- _Exercise brief_
Take the data below and copy exactly the lines starting at the one with "Step : Step" and finishing at the one with "To Workspace3 : ToWorkspace", both included.

- _Source data_
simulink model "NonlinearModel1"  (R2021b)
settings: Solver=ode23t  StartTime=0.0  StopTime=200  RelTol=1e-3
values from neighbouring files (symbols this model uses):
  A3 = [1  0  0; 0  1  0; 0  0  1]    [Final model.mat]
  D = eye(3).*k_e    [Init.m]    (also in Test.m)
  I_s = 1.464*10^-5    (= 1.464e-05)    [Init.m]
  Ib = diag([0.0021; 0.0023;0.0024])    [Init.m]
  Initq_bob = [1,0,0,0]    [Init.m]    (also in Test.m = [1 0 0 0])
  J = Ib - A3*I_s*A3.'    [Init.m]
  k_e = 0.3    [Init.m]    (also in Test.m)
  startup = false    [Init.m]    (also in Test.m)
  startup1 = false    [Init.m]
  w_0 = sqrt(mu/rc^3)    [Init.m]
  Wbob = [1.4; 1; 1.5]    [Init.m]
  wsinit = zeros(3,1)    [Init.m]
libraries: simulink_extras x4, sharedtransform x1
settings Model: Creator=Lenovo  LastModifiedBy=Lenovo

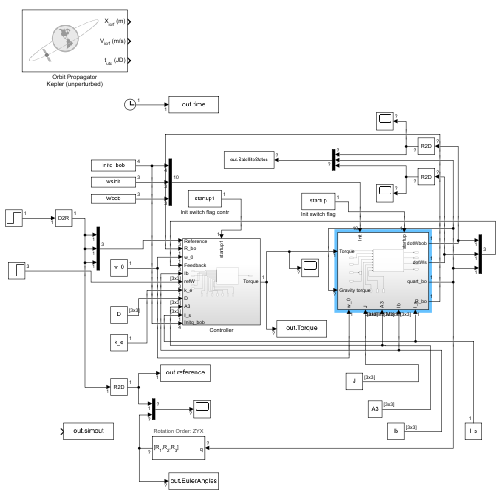
[thumbnail: Simulink's stored preview of the top-level diagram]
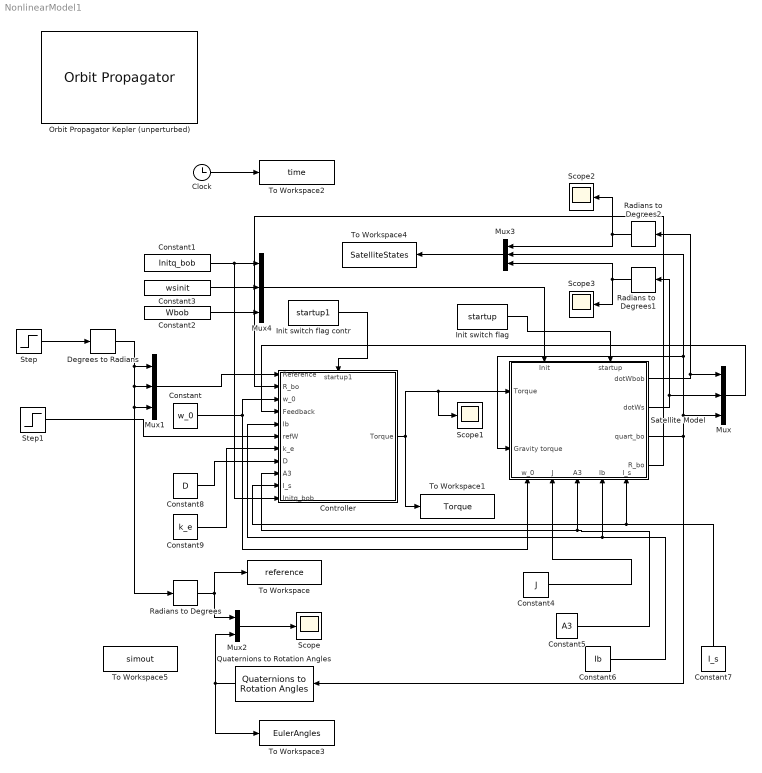
== system NonlinearModel1 ==
  Clock : Clock
  Constant : Constant  Value=w_0
  Constant1 : Constant  Value=Initq_bob
  Constant2 : Constant  Value=Wbob
  Constant3 : Constant  Value=wsinit
  Constant4 : Constant  Value=J
  Constant5 : Constant  Value=A3
  Constant6 : Constant  Value=Ib
  Constant7 : Constant  Value=I_s
  Constant8 : Constant  Value=D
  Constant9 : Constant  Value=k_e
  Controller : Subsystem
      settings: PortSchema="{\"entries\":[{\"content\":{\"sides\":[{\"content\":{\"connectorIds\":[\"In1\",\"In2\",\"In3\",\"In4\",\"In5\",\"In6\",\"In7\",\"In8\",\"In9\",\"In10\",\"In11\"]},\"type\":\"ConnectorPlacement.EquallySpacedRectSide\",\"uuid\":\"5590ad9e-04f9-4af7-9b4f-f6478cf6a2ce\"},{\"content\":{\"connectorIds\":[\"Out1\"],\"side\":\"RIGHT\"},\"type\":\"ConnectorPlacement.EquallySpacedRectSide\",\"uuid\":\"ce5d6df3-1bbd-4344-9f78-59de01b16bbe\"},{\"content\":{\"connectorIds\":[\"In12\"],\"side\":\"TOP\"},\"type\":\"ConnectorPlacement.EquallySpacedRectSide\",\"uuid\":\"46d2e6ad-14c9-4352-aed1-d0491a069da7\"}]},\"type\":\"ConnectorPlacement.EquallySpacedConnector\",\"uuid\":\"3cf07d37-360f-4057-a8fd-56cec6ac6e5f\"}],\"packageUris\":[\"http://schema.mathworks.com/mf0/Connector/R2020b\"],\"version\":\"1.0\"}"
  Degrees to Radians : simulink_extras/Transformations/Degrees to Radians
  Init switch flag : Constant  Value=startup
  Init switch flag contr : Constant  Value=startup1
  Mux{,1,3..4} (4 alike) : Mux  Inputs=3
  Mux2 : Mux  Inputs=2
  Orbit Propagator Kepler (unperturbed) : OrbitPropagator  inertialPosition=[3649700.0 3308200.0 -4676600.0]  inertialVelocity=[-2750.8 6666.4 2573.4]  fixedPosition=[-4142689.0 -2676864.7 -4669861.6]  fixedVelocity=[1452.7 -6720.7 2568.1]  customR=3396200  customMu=4.305e13  customJ2=1.0826269e-03  customOmega=4.06125949e-3
  Quaternions to Rotation Angles : sharedtransform/Quaternions to Rotation Angles  rotationOrder=ZYX  aMode=aMode
      settings: SourceProductBaseCode=AE,PW,DR,MT,UV,VE
  Radians to Degrees : simulink_extras/Transformations/Radians to Degrees
  Radians to Degrees1 : simulink_extras/Transformations/Radians to Degrees
  Radians to Degrees2 : simulink_extras/Transformations/Radians to Degrees
  Satellite Model : Subsystem
      settings: PortSchema="{\"entries\":[{\"content\":{\"sides\":[{\"content\":{\"connectorIds\":[\"In1\",\"In2\"]},\"type\":\"ConnectorPlacement.EquallySpacedRectSide\",\"uuid\":\"ed600d3a-bd99-4e9e-b304-9a2a6bbc0ab4\"},{\"content\":{\"connectorIds\":[\"Out1\",\"Out2\",\"Out3\",\"Out4\"],\"side\":\"RIGHT\"},\"type\":\"ConnectorPlacement.EquallySpacedRectSide\",\"uuid\":\"702358d8-c789-483d-bed3-4e4bb7a14f25\"},{\"content\":{\"connectorIds\":[\"In3\",\"In4\"],\"side\":\"TOP\"},\"type\":\"ConnectorPlacement.EquallySpacedRectSide\",\"uuid\":\"76bd57d9-d6cb-4206-8221-b8f97d7bca63\"},{\"content\":{\"connectorIds\":[\"In5\",\"In6\",\"In7\",\"In8\",\"In9\"],\"side\":\"BOTTOM\"},\"type\":\"ConnectorPlacement.EquallySpacedRectSide\",\"uuid\":\"b2771b37-9ece-425f-9236-ba4802dbc464\"}]},\"type\":\"ConnectorPlacement.EquallySpacedConnector\",\"uuid\":\"6eb2613a-d71e-4315-b1b1-4843921ec110\"}],\"packageUris\":[\"http://schema.mathworks.com/mf0/Connector/R2020b\"],\"version\":\"1.0\"}"
  Scope{,1..3} (4 alike) : Scope
  Step : Step  Time=0  After=60  SampleTime=0
  Step1 : Step  After=[1; 2; 3]  SampleTime=0
  To Workspace : ToWorkspace  VariableName=reference  SampleTime=-1
  To Workspace1 : ToWorkspace  VariableName=Torque  SampleTime=-1
  To Workspace2 : ToWorkspace  VariableName=time  SampleTime=-1
  To Workspace3 : ToWorkspace  VariableName=EulerAngles  SampleTime=-1
  To Workspace4 : ToWorkspace  VariableName=SatelliteStates  SaveFormat=Timeseries  SampleTime=-1
  To Workspace5 : ToWorkspace  VariableName=simout  SaveFormat=Timeseries  SampleTime=-1
  wires:
  Step/1 -> Degrees to Radians/1
  Degrees to Radians/1 -> Mux1/1, Mux1/3, Radians to Degrees/1, Mux1/2
  Mux1/1 -> Controller/1(Reference)
  Controller/1(Torque) -> Scope1/1, Satellite Model/1(Torque), To Workspace1/1
  Satellite Model/1(dotWbob) -> Mux/1, Radians to Degrees2/1
  Satellite Model/2(dotWs) -> Mux/2, Radians to Degrees1/1
  Satellite Model/3(quart_bo) -> Satellite Model/2(Gravity torque), Mux3/2, Mux/3, Quaternions to Rotation Angles/1
  Mux/1 -> Controller/4(Feedback)
  Satellite Model/4(R_bo) -> Controller/2(R_bo)
  Mux2/1 -> Scope/1
  Radians to Degrees/1 -> To Workspace/1, Mux2/1
  Quaternions to Rotation Angles/1 -> Mux2/2, To Workspace3/1
  Clock/1 -> To Workspace2/1
  Radians to Degrees1/1 -> Scope3/1, Mux3/3
  Radians to Degrees2/1 -> Mux3/1, Scope2/1
  Mux3/1 -> To Workspace4/1
  Constant/1 -> Satellite Model/5(w_0), Controller/3(w_0)
  Constant1/1 -> Controller/11(Initq_bob), Mux4/1
  Constant3/1 -> Mux4/2
  Constant2/1 -> Mux4/3
  Mux4/1 -> Satellite Model/3(Init)
  Init switch flag/1 -> Satellite Model/4(startup)
  Constant4/1 -> Satellite Model/6(J)
  Constant5/1 -> Controller/9(A3), Satellite Model/7(A3)
  Constant6/1 -> Controller/5(Ib), Satellite Model/8(Ib)
  Constant7/1 -> Controller/10(I_s), Satellite Model/9(I_s)
  Constant8/1 -> Controller/8(D)
  Constant9/1 -> Controller/7(k_e)
  Step1/1 -> Controller/6(refW)
  Init switch flag contr/1 -> Controller/12(startup1)

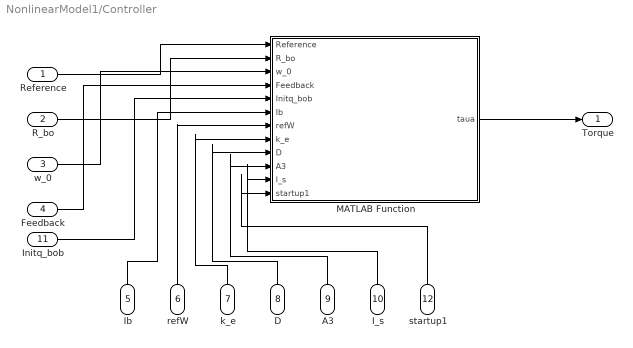
== system NonlinearModel1/Controller ==
  Reference : Inport
  R_bo : Inport  Port=2
  w_0 : Inport  Port=3
  Feedback : Inport  Port=4
  Ib : Inport  Port=5
  refW : Inport  Port=6
  k_e : Inport  Port=7
  D : Inport  Port=8
  A3 : Inport  Port=9
  I_s : Inport  Port=10
  Initq_bob : Inport  Port=11
  startup1 : Inport  Port=12
  MATLAB Function : MATLAB Function  TreatAsAtomicUnit=on
  Torque : Outport
  wires:
  R_bo/1 -> MATLAB Function/2(R_bo)
  MATLAB Function/1(taua) -> Torque/1
  Reference/1 -> MATLAB Function/1(Reference)
  w_0/1 -> MATLAB Function/3(w_0)
  Feedback/1 -> MATLAB Function/4(Feedback)
  Ib/1 -> MATLAB Function/6(Ib)
  refW/1 -> MATLAB Function/7(refW)
  k_e/1 -> MATLAB Function/8(k_e)
  D/1 -> MATLAB Function/9(D)
  A3/1 -> MATLAB Function/10(A3)
  I_s/1 -> MATLAB Function/11(I_s)
  Initq_bob/1 -> MATLAB Function/5(Initq_bob)
  startup1/1 -> MATLAB Function/12(startup1)

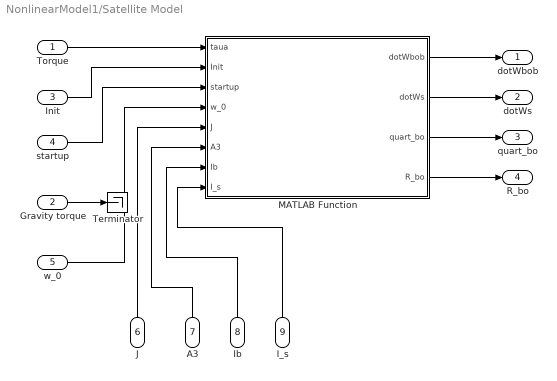
== system NonlinearModel1/Satellite Model ==
  Torque : Inport
  Gravity torque : Inport  Port=2
  Init : Inport  Port=3
  startup : Inport  Port=4
  w_0 : Inport  Port=5
  J : Inport  Port=6
  A3 : Inport  Port=7
  Ib : Inport  Port=8
  I_s : Inport  Port=9
  MATLAB Function : MATLAB Function  TreatAsAtomicUnit=on
  Terminator : Terminator
  dotWbob : Outport
  dotWs : Outport  Port=2
  quart_bo : Outport  Port=3
  R_bo : Outport  Port=4
  wires:
  Torque/1 -> MATLAB Function/1(taua)
  Gravity torque/1 -> Terminator/1
  MATLAB Function/1(dotWbob) -> dotWbob/1
  MATLAB Function/2(dotWs) -> dotWs/1
  MATLAB Function/3(quart_bo) -> quart_bo/1
  MATLAB Function/4(R_bo) -> R_bo/1
  Init/1 -> MATLAB Function/2(Init)
  startup/1 -> MATLAB Function/3(startup)
  w_0/1 -> MATLAB Function/4(w_0)
  A3/1 -> MATLAB Function/6(A3)
  J/1 -> MATLAB Function/5(J)
  Ib/1 -> MATLAB Function/7(Ib)
  I_s/1 -> MATLAB Function/8(I_s)

== matlab function NonlinearModel1/Satellite Model/MATLAB Function ==
  data: taua input; dotWbob output; dotWs output; quart_bo output; R_bo output; Init input; startup input; w_0 input; J input; A3 input; Ib input; I_s input
function [dotWbob,dotWs,quart_bo,R_bo] = SystemNonlinearModel(taua,Init,startup,w_0,J,A3,Ib,I_s)
% Function that calculates the system states
%   This system function receives initializing input parameters and control
%   signals and calculates the components of the ordinal differential
%   equations of each state.

quaternions = zeros(1,4);
AngVel = zeros(3,1);
WAngVel = zeros(3,1);
Initq_bob = Init(1:4);
n = Initq_bob(1);
e1 = Initq_bob(2);
e2 = Initq_bob(3);
e3 = Initq_bob(4);
% Decide whether to use initial values or the one calculated in the
% previous itteration
if(startup == true)
    Initq_bob = Init(1:4);
    n = Initq_bob(1);
    e1 = Initq_bob(2);
    e2 = Initq_bob(3);
    e3 = Initq_bob(4);

    R_bo = [1-2*e2^2-2*e3^2 2*e1*e2-2*e3*n 2*e1*e3+2*e2*n;
        2*e1*e2+2*e3*n 1-2*e1^2-2*e3^2 2*e2*e3-2*e1*n;
        2*e1*e3-2*e2*n 2*e2*e3+2*e1*n 1-2*e1^2-2*e2^2];
    c_2 = R_bo(:,2);
    c_3 = R_bo(:,3);

    Ws = Init(5:7);
    ws1 = Ws(1);
    ws2 = Ws(2);
    ws3 = Ws(3);
    wbob = Init(8:10);


else
    q_bob = quaternions;
    n = q_bob(1);
    e1 = q_bob(2);
    e2 = q_bob(3);
    e3 = q_bob(4);

    R_bo = [1-2*e2^2-2*e3^2 2*e1*e2-2*e3*n 2*e1*e3+2*e2*n;
        2*e1*e2+2*e3*n 1-2*e1^2-2*e3^2 2*e2*e3-2*e1*n;
        2*e1*e3-2*e2*n 2*e2*e3+2*e1*n 1-2*e1^2-2*e2^2];
    c_2 = R_bo(:,2);
    c_3 = R_bo(:,3);

    ws1 = WAngVel(1);
    ws2 = WAngVel(2);
    ws3 = WAngVel(3);
    wbob = AngVel;
end
%EndInit

M1 = eye(3);
wbib = wbob - w_0*c_2;

% The angular velocity of the satellite ode

fhi = J\(-cross(wbib,(Ib*wbib+A3(:,1)*I_s.*ws1+A3(:,2)*I_s.*ws2+A3(:,3)*I_s.*ws3)));%inertial component equation
fht = -J\A3*taua;                     %input torque equation
fhg = J\(3*w_0^2*cross(c_3,Ib*c_3));     %gravitational component equation
dotc = -cross(wbob,c_2);
fha = dotc*(w_0);                      %additional (orbital velocity component)

dotWbob = fhi+fht+fhg+dotc+fha;
% The reaction wheel angular velocity ode

fsi = A3'*(J\(cross(wbib,(Ib*wbib+A3(:,1)*I_s.*ws1+A3(:,2)*I_s.*ws2+A3(:,3)*I_s.*ws3))));%mod to accomodate ws
fst = (A3'*(J\A3)+1/I_s)*taua;
fsg = -A3'*(J\(3*w_0^2*cross(c_3,Ib*c_3)));

dotWs = fsi+fst+fsg;
ws1 = dotWs(1);
ws2 = dotWs(2);
ws3 = dotWs(3);

% update quaternion positioning
e = [e1; e2; e3]
dot_n = -1/2*e'*dotWbob;
dot_e = 1/2*(n*M1*dotWbob + cross(e,dotWbob));

quart_bo = [dot_n; dot_e];
e1 = dot_e(1);
e2 = dot_e(2);
e3 = dot_e(3);

% update rotation matrix

R_bo = [1-2*e2^2-2*e3^2 2*e1*e2-2*e3*dot_n 2*e1*e3+2*e2*dot_n;
    2*e1*e2+2*e3*dot_n 1-2*e1^2-2*e3^2 2*e2*e3-2*e1*dot_n;
    2*e1*e3-2*e2*dot_n 2*e2*e3+2*e1*dot_n 1-2*e1^2-2*e2^2];

% update calculated data

quaternions = quart_bo;
AngVel = dotWbob;
WAngVel = dotWs;

%update flag
startup = false;

end

== matlab function NonlinearModel1/Controller/MATLAB Function ==
  data: Reference input; taua output; R_bo input; w_0 input; Feedback input; Initq_bob input; Ib input; refW input; k_e input; D input; A3 input; I_s input; startup1 input
function taua = LyapunovController1(Reference, R_bo, w_0, Feedback, Initq_bob, Ib, refW, k_e, D, A3, I_s, startup1)

%Lyapunov controller function 
%   Control strategy based on a Lyapunov function candidate. The core idea
%   is that the reaction wheel angular velocity is interpreted as an
%   external control input and is therefore not included in the statespace
%   of the system.
if(startup1 == false)
    dotWbob = [0 0 0];
    dotWs = [0 0 0];
    quart_bo = [1 0 0 0];
    u = zeros(3,1);
else   
    dotWbob = Feedback(1:3)';
    dotWs = Feedback(4:7)';
    quart_bo = Feedback(8:10);
end
M = ones(3,1);
% Angular error rate
refWdot = -Ib^-1*cross(refW,(Ib*refW))+Ib^-1*u;
deltaW = dotWbob-refW;
deltaWdot = -Ib^-1*deltaW.*cross(refW,Ib*M)-cross(deltaW,(Ib*refW))-Ib^-1*cross(deltaW,(Ib*deltaW))+Ib^-1*u-refWdot-Ib^-1*cross(refW,(Ib*dotWbob));
%
% Quaternion error

qref = eul2quat(Reference');
refinv = quatinv(qref);
deltaq = quatmultiply(quart_bo',refinv);
deltaq_4 = deltaq(1);                   %deltaq_4 is in fact the first element but is named for math model analogy
deltaq_v = deltaq(2:4);

deltaq_vdot = (1/2).*(-cross(deltaW,deltaq_v)-2.*cross(deltaW,deltaq_v)+deltaq_4*deltaW);
deltaq_4dot = -(1/2).*deltaW.'.*deltaq_v;
deltaq_dot = [deltaq_4dot,deltaq_vdot];

%



dot_n = deltaq_dot(1);
e1 = deltaq_dot(2);
e2 = deltaq_dot(3);
e3 = deltaq_dot(4);

% calculate error (REFERENCE-FEEDBACK)

% Look into quaternion error

% Update DCM with the calculated error parameters
R_bo = [1-2*e2^2-2*e3^2 2*e1*e2-2*e3*dot_n 2*e1*e3+2*e2*dot_n;
         2*e1*e2+2*e3*dot_n 1-2*e1^2-2*e3^2 2*e2*e3-2*e1*dot_n;
         2*e1*e3-2*e2*dot_n 2*e2*e3+2*e1*dot_n 1-2*e1^2-2*e2^2];

c_2 = R_bo(:,2);
c_3 = R_bo(:,3);

taua = k_e.*deltaq_vdot' + D*deltaWdot + w_0.*cross(c_2,A3*I_s*(A3'*deltaWdot+dotWs)) - w_0^2*cross(c_2,Ib*c_2)+3*w_0^2*cross(c_3,Ib*c_3);
u = taua;
end

- _Task output_
  Step : Step  Time=0  After=60  SampleTime=0
  Step1 : Step  After=[1; 2; 3]  SampleTime=0
  To Workspace : ToWorkspace  VariableName=reference  SampleTime=-1
  To Workspace1 : ToWorkspace  VariableName=Torque  SampleTime=-1
  To Workspace2 : ToWorkspace  VariableName=time  SampleTime=-1
  To Workspace3 : ToWorkspace  VariableName=EulerAngles  SampleTime=-1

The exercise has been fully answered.